Task directions: Wherever the word "lineweight" appears in the entries, copy the whole line.

Source material:
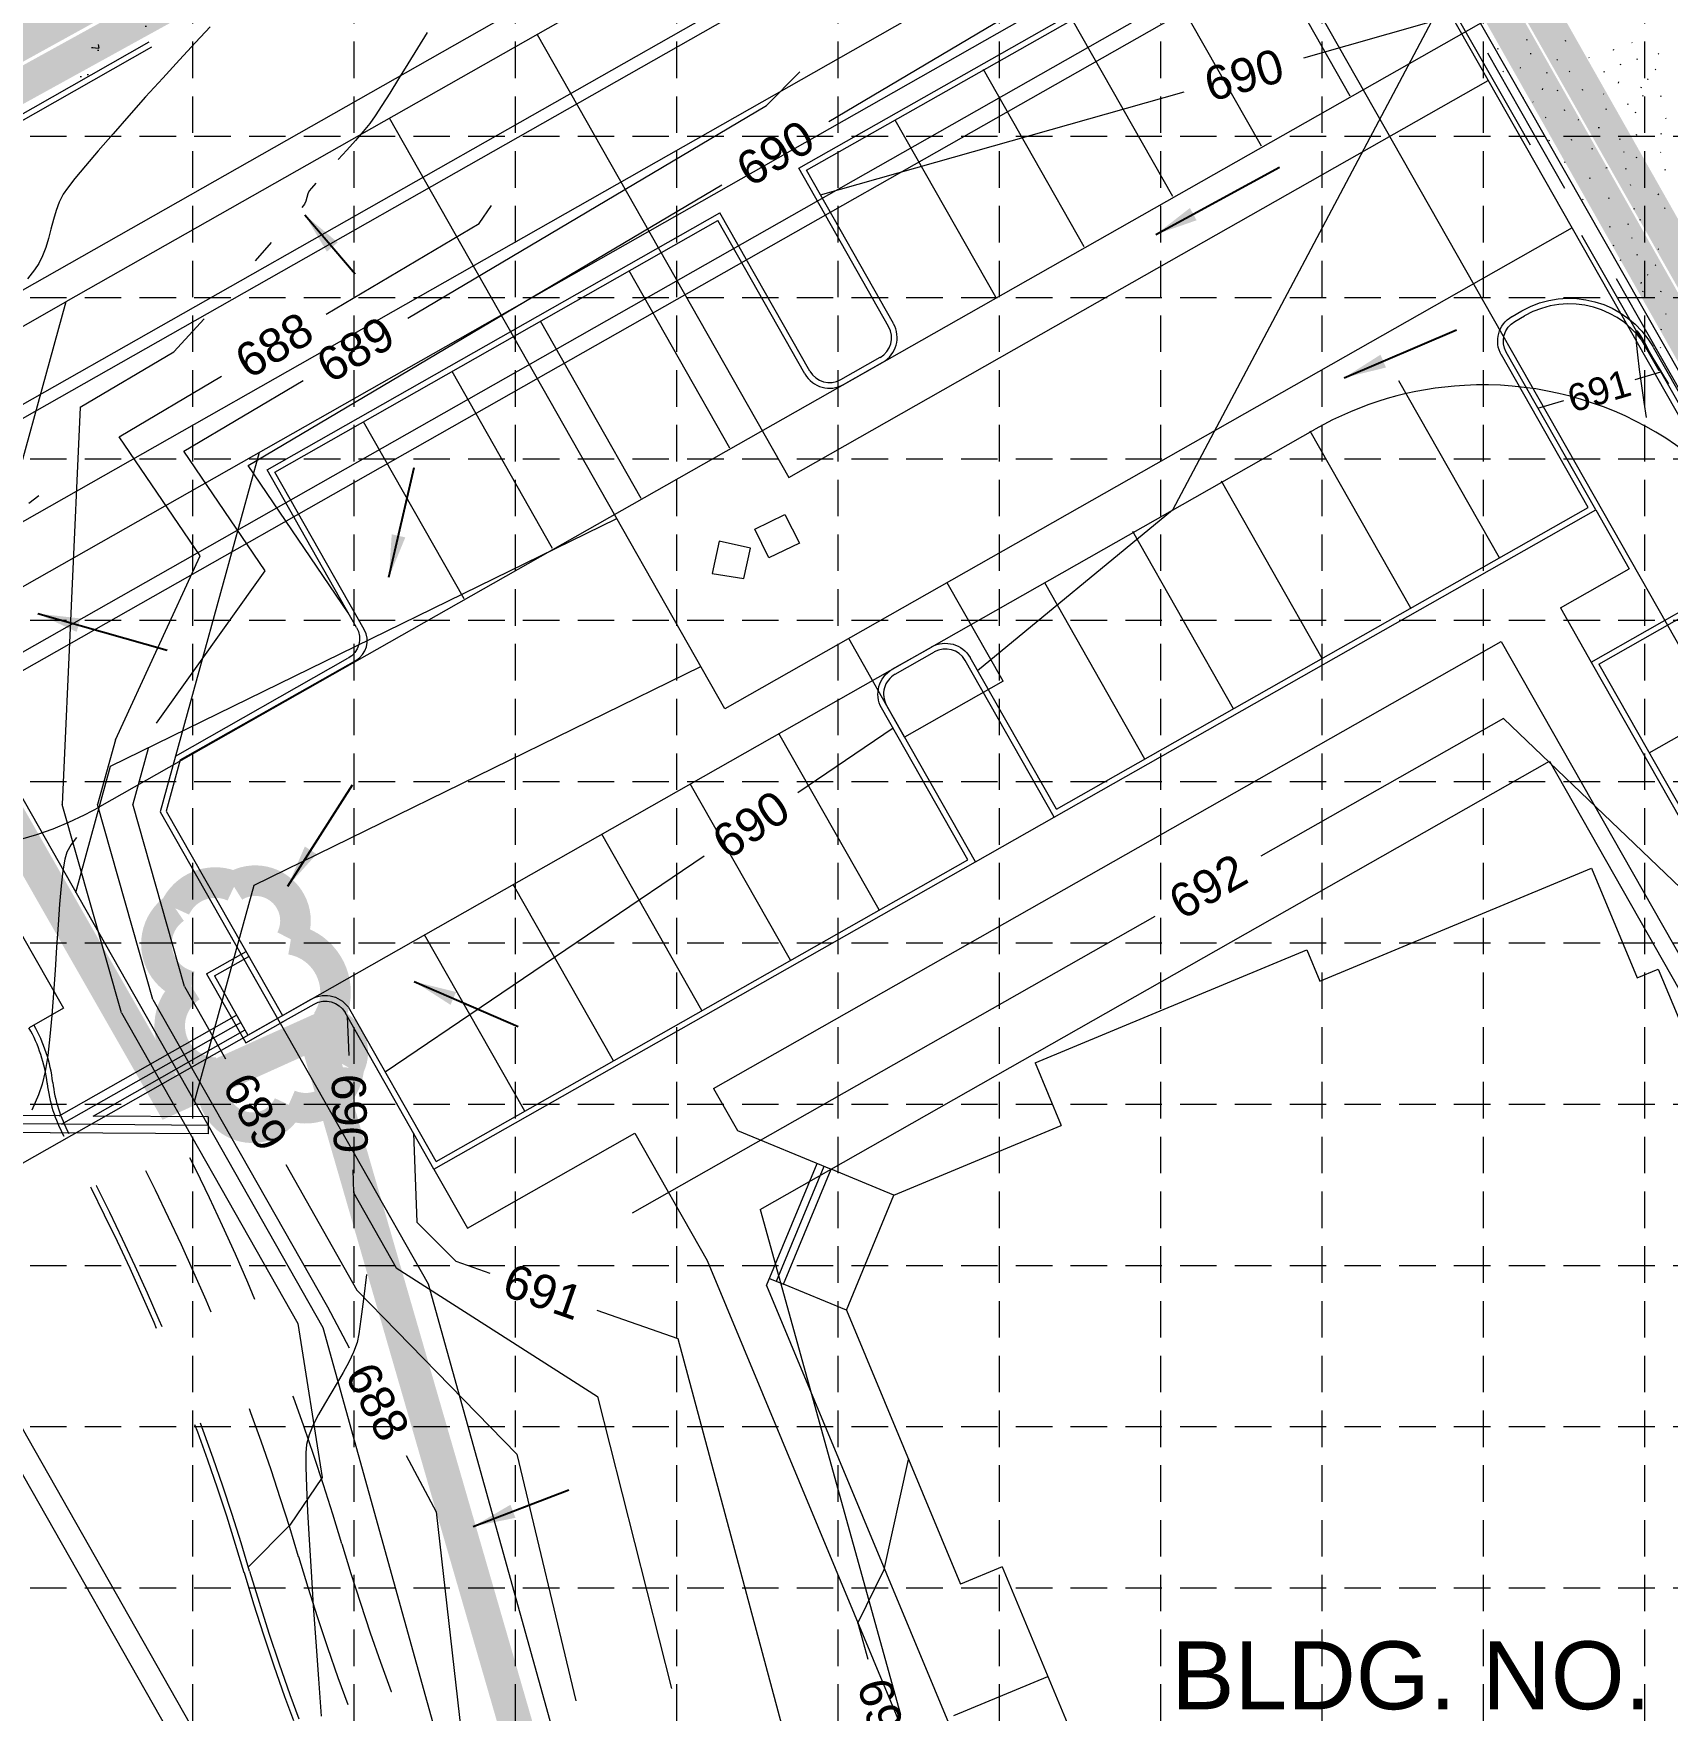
# Model space of a CAD drawing. Header units: feet. Extents: x 16394 to 17307, y 17282 to 17854.
# Drawn here: x 16665.6 to 16809.9, y 17628.6 to 17776.7 of the extents above; entities that cross this region are included whole.
import ezdxf
from ezdxf.enums import TextEntityAlignment as Align

# ---------------------------------------------------------------- set-up
doc = ezdxf.new("R2010")
doc.units = ezdxf.units.FT
doc.header["$MEASUREMENT"] = 0
for name, pattern in [('DGN Style 2', [22.939223, 13.763534, -9.175689]), ('DGN Style 4', [36.725696, 18.351378, -9.175689, 0.022939, -9.175689]), ('DGN Style 5', [16.057456, 6.881767, -9.175689]), ('HIDDEN', [0.375, 0.25, -0.125])]:
    doc.linetypes.add(name, pattern=pattern)
for name, color, linetype, lineweight in [('_0', 1, 'Continuous', 0), ('Level 1', 7, 'Continuous', 0), ('Level 17', 7, 'Continuous', 0), ('Level 18', 7, 'Continuous', 0), ('Level 21', 7, 'Continuous', 0), ('Level 25', 7, 'Continuous', 0), ('Level 35', 7, 'Continuous', 0), ('Level 38', 7, 'Continuous', 0), ('Level 4', 7, 'Continuous', 0), ('Level 41', 7, 'Continuous', 0), ('Level 43', 7, 'Continuous', 0), ('Level 5', 7, 'Continuous', 0), ('Level 51', 7, 'Continuous', 0)]:
    doc.layers.add(name, color=color, linetype=linetype, lineweight=lineweight)
for name, color, linetype in [('GRID', 254, 'HIDDEN'), ('LEGEND', 7, 'Continuous'), ('LIMITS OF DISTURBANCE', 1, 'HIDDEN'), ('SILT FENCE', 200, 'Continuous')]:
    doc.layers.add(name, color=color, linetype=linetype)
doc.styles.get("Standard").update_dxf_attribs({"font": 'ARIAL.TTF'})
doc.styles.add('Style-ENGINEERING', font='ENGINEERING.shx')
doc.dimstyles.get("Standard").update_dxf_attribs({"dimtxt": 0.18, "dimasz": 0.18, "dimexe": 0.18, "dimexo": 0.0625, "dimgap": 0.09, "dimtad": 0, "dimtih": 1, "dimtoh": 1, "dimdec": 4, "dimzin": 0, "dimdsep": 46, "dimtxsty": 'Standard', "dimcen": 0.09, "dimadec": 0, "dimazin": 0, "dimtfac": 1, "dimtdec": 4, "dimtofl": 0, "dimtmove": 0, "dimatfit": 3, "dimfxl": 0, "dimtolj": 1, "dimtzin": 0, "dimarcsym": 0})

msp = doc.modelspace()

# ---------------------------------------------------------------- hatches: boundary and pattern name
at = {"layer": 'Level 35', "linetype": 'DGN Style 2', "lineweight": 0}
h = msp.add_hatch(dxfattribs=at)
h.set_pattern_fill('AR-CONC', style=0)
h.set_pattern_definition([(50, (0, 0), (7.1726018, -0.6275213), [0.75, -8.25]), (355, (0, 0), (-1.3875133, 7.5219213), [0.6, -6.6]), (100.4514, (0.598, -0.052), (5.7850938, 6.8943954), [0.637402, -7.0114211]), (46.1842, (0, 2), (10.6724105, -1.65519), [1.125, -12.375]), (96.6356, (0.889, 1.862), (9.346627, 9.7411787), [0.956103, -10.51713]), (351.1842, (0, 2), (9.3466195, 9.741186), [0.9, -9.9]), (21, (1, 1.5), (5.9690705, -4.0261889), [0.75, -8.25]), (326, (1, 1.5), (2.4331533, 7.2515005), [0.6, -6.6]), (71.4514, (1.4974, 1.1645), (8.4022263, 3.225305), [0.637402, -7.0114211]), (37.5, (0, 0), (0.12159855, 3.32893854), [0, -6.52, 0, -6.7, 0, -6.625]), (7.5, (0, 0), (2.6306954, 3.9441171), [0, -3.82, 0, -6.37, 0, -2.525]), (327.5, (-2.23, 0), (5.33822436, -0.22554872), [0, -2.5, 0, -7.8, 0, -10.35]), (317.5, (-3.23, 0), (5.8318617, 1.0010498), [0, -3.25, 0, -5.18, 0, -7.35])])
h.paths.add_polyline_path([(16734.76, 17809.35, -0.018877), (16745.4, 17814.79), (16744.19, 17815.39), (16740.12, 17814.09), (16736.23, 17812.24), (16732.72, 17809.84), (16731.05, 17808.91), (16726.42, 17808.54), (16721.98, 17805.77), (16718.28, 17803.74), (16714.57, 17801.52), (16712.54, 17798.93), (16706.2, 17795.35), (16704.53, 17793.87), (16703.61, 17793.13), (16702.68, 17792.58), (16701.2, 17791.28), (16700.09, 17791.47), (16699.17, 17791.47), (16695.46, 17790.73), (16692.87, 17788.14), (16689.36, 17786.1), (16686.39, 17784.07), (16681.4, 17781.48), (16677.32, 17778.89), (16674.36, 17777.41), (16671.4, 17775.75), (16667.7, 17774.08), (16666.03, 17771.68), (16666.59, 17770.72), (16695.33, 17787.06)], flags=0)
h = msp.add_hatch(dxfattribs=at)
h.set_pattern_fill('AR-CONC', style=0)
h.set_pattern_definition([(50, (15736.0226, 15714.5856), (5.379451, -0.470641), [0.5625, -6.1875]), (355, (15736.0226, 15714.5856), (-1.040635, 5.641441), [0.45, -4.95]), (100.4514, (15736.471, 15714.5464), (4.33882, 5.170797), [0.478051, -5.258566]), (46.1842, (15736.0226, 15716.0856), (8.004308, -1.241393), [0.84375, -9.28125]), (96.6356, (15736.69, 15715.982), (7.00997, 7.305884), [0.717077, -7.887848]), (351.1842, (15736.023, 15716.086), (7.009965, 7.30589), [0.675, -7.425]), (21, (15736.7726, 15715.7106), (4.476803, -3.019642), [0.5625, -6.1875]), (326, (15736.7726, 15715.7106), (1.824865, 5.438625), [0.45, -4.95]), (71.4514, (15737.1457, 15715.459), (6.30167, 2.418979), [0.478051, -5.258566]), (37.5, (15736.0226, 15714.5856), (0.0911989, 2.4967039), [0, -4.89, 0, -5.025, 0, -4.96875]), (7.5, (15736.0226, 15714.5856), (1.9730215, 2.9580878), [0, -2.865, 0, -4.7775, 0, -1.89375]), (327.5, (15734.3501, 15714.5856), (4.0036683, -0.1691615), [0, -1.875, 0, -5.85, 0, -7.7625]), (317.5, (15733.6, 15714.5856), (4.3738963, 0.7507874), [0, -2.4375, 0, -3.885, 0, -5.5125])])
h.paths.add_polyline_path([(16834.87, 17702.77), (16843.51, 17687.59), (16845.7, 17696.86), (16840.28, 17701.26), (16840.72, 17707.12), (16836.03, 17709.76), (16833.68, 17719.43), (16825.47, 17719.22)], flags=16)
h.paths.add_polyline_path([(16806.6, 17768.57), (16839.06, 17711.4), (16833.77, 17708.4), (16801.31, 17765.57)], flags=9)

# ---------------------------------------------------------------- linework, layer by layer
at = {"color": 0, "lineweight": 0}
msp.add_solid([(16689.58, 17760.7), (16691.54, 17757.44), (16692.49, 17758.25)], dxfattribs=at)
at = {"layer": 'GRID', "color": 252, "linetype": 'HIDDEN', "lineweight": 0, "ltscale": 12.9}
for p, q in [((16679.68, 17838.88), (16679.68, 17340.07)), ((16693.93, 17838.88), (16693.93, 17340.07)), ((16708.18, 17838.88), (16708.18, 17340.07)), ((16722.43, 17838.88), (16722.43, 17340.07)), ((16736.68, 17838.88), (16736.68, 17340.07)), ((16750.93, 17838.88), (16750.93, 17340.07)), ((16765.18, 17838.88), (16765.18, 17340.07)), ((16779.43, 17838.88), (16779.43, 17340.07)), ((16793.68, 17838.88), (16793.68, 17340.07)), ((16807.93, 17838.88), (16807.93, 17340.07))]:
    msp.add_line(p, q, dxfattribs=at)
at = {"layer": 'GRID', "color": 7, "linetype": 'HIDDEN', "lineweight": 0, "ltscale": 12.9}
for p, q in [((16408.93, 17767.63), (17292.43, 17767.63)), ((16408.93, 17753.38), (17292.43, 17753.38)), ((16408.93, 17739.13), (17292.43, 17739.13)), ((16408.93, 17724.88), (17292.43, 17724.88)), ((16408.93, 17710.63), (17292.43, 17710.63)), ((16408.93, 17696.38), (17292.43, 17696.38)), ((16408.93, 17682.13), (17292.43, 17682.13)), ((16408.93, 17667.88), (17292.43, 17667.88)), ((16408.93, 17653.63), (17292.43, 17653.63)), ((16408.93, 17639.38), (17292.43, 17639.38))]:
    msp.add_line(p, q, dxfattribs=at)
at = {"layer": 'LEGEND', "color": 170, "ltscale": 100, "const_width": 2.7}
msp.add_lwpolyline([(16688.36, 17696.68, 0.520567), (16688.36, 17696.68, 0.765195), (16683.34, 17701.33, 0.417879), (16678.14, 17699.43, 0.6649), (16679.58, 17692.52, 0.744833), (16681.71, 17684.9, 0.975642), (16688.17, 17682.07, 0.520567), (16693.47, 17685.35, 0.520567), (16691.53, 17689.41, 0.540264), (16688.36, 17696.68)], format="xyb", close=True, dxfattribs=at)
at = {"layer": 'Level 1', "color": 7, "linetype": 'Continuous', "lineweight": 0}
for p, q in [((16771.9, 17811.72), (16668.48, 17753)), ((16855.84, 17663.87), (16771.9, 17811.72)), ((16668.48, 17753), (16659.09, 17718.92)), ((16659.09, 17718.92), (16691.18, 17662.4)), ((16691.18, 17662.4), (16705, 17612.74))]:
    msp.add_line(p, q, dxfattribs=at)
at = {"layer": 'Level 1', "color": 35, "linetype": 'DGN Style 5', "lineweight": 0}
for p, q in [((16681.24, 17777.31), (16679.93, 17775.93)), ((16679.93, 17775.93), (16678.52, 17774.4)), ((16700.39, 17776.79), (16699.53, 17775.42)), ((16678.52, 17774.4), (16677.04, 17772.78)), ((16699.53, 17775.42), (16698.68, 17774.04)), ((16677.04, 17772.78), (16675.53, 17771.11)), ((16697.86, 17772.7), (16697.09, 17771.45)), ((16698.68, 17774.04), (16697.86, 17772.7)), ((16697.09, 17771.45), (16696.4, 17770.35)), ((16675.53, 17771.11), (16674.06, 17769.45)), ((16696.4, 17770.35), (16695.81, 17769.43)), ((16674.06, 17769.45), (16672.65, 17767.85)), ((16695.33, 17768.76), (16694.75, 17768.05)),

Task answer:
for name, color, linetype, lineweight in [('_0', 1, 'Continuous', 0), ('Level 1', 7, 'Continuous', 0), ('Level 17', 7, 'Continuous', 0), ('Level 18', 7, 'Continuous', 0), ('Level 21', 7, 'Continuous', 0), ('Level 25', 7, 'Continuous', 0), ('Level 35', 7, 'Continuous', 0), ('Level 38', 7, 'Continuous', 0), ('Level 4', 7, 'Continuous', 0), ('Level 41', 7, 'Continuous', 0), ('Level 43', 7, 'Continuous', 0), ('Level 5', 7, 'Continuous', 0), ('Level 51', 7, 'Continuous', 0)]:
    doc.layers.add(name, color=color, linetype=linetype, lineweight=lineweight)
at = {"layer": 'Level 35', "linetype": 'DGN Style 2', "lineweight": 0}
at = {"color": 0, "lineweight": 0}
at = {"layer": 'GRID', "color": 252, "linetype": 'HIDDEN', "lineweight": 0, "ltscale": 12.9}
at = {"layer": 'GRID', "color": 7, "linetype": 'HIDDEN', "lineweight": 0, "ltscale": 12.9}
at = {"layer": 'Level 1', "color": 7, "linetype": 'Continuous', "lineweight": 0}
at = {"layer": 'Level 1', "color": 35, "linetype": 'DGN Style 5', "lineweight": 0}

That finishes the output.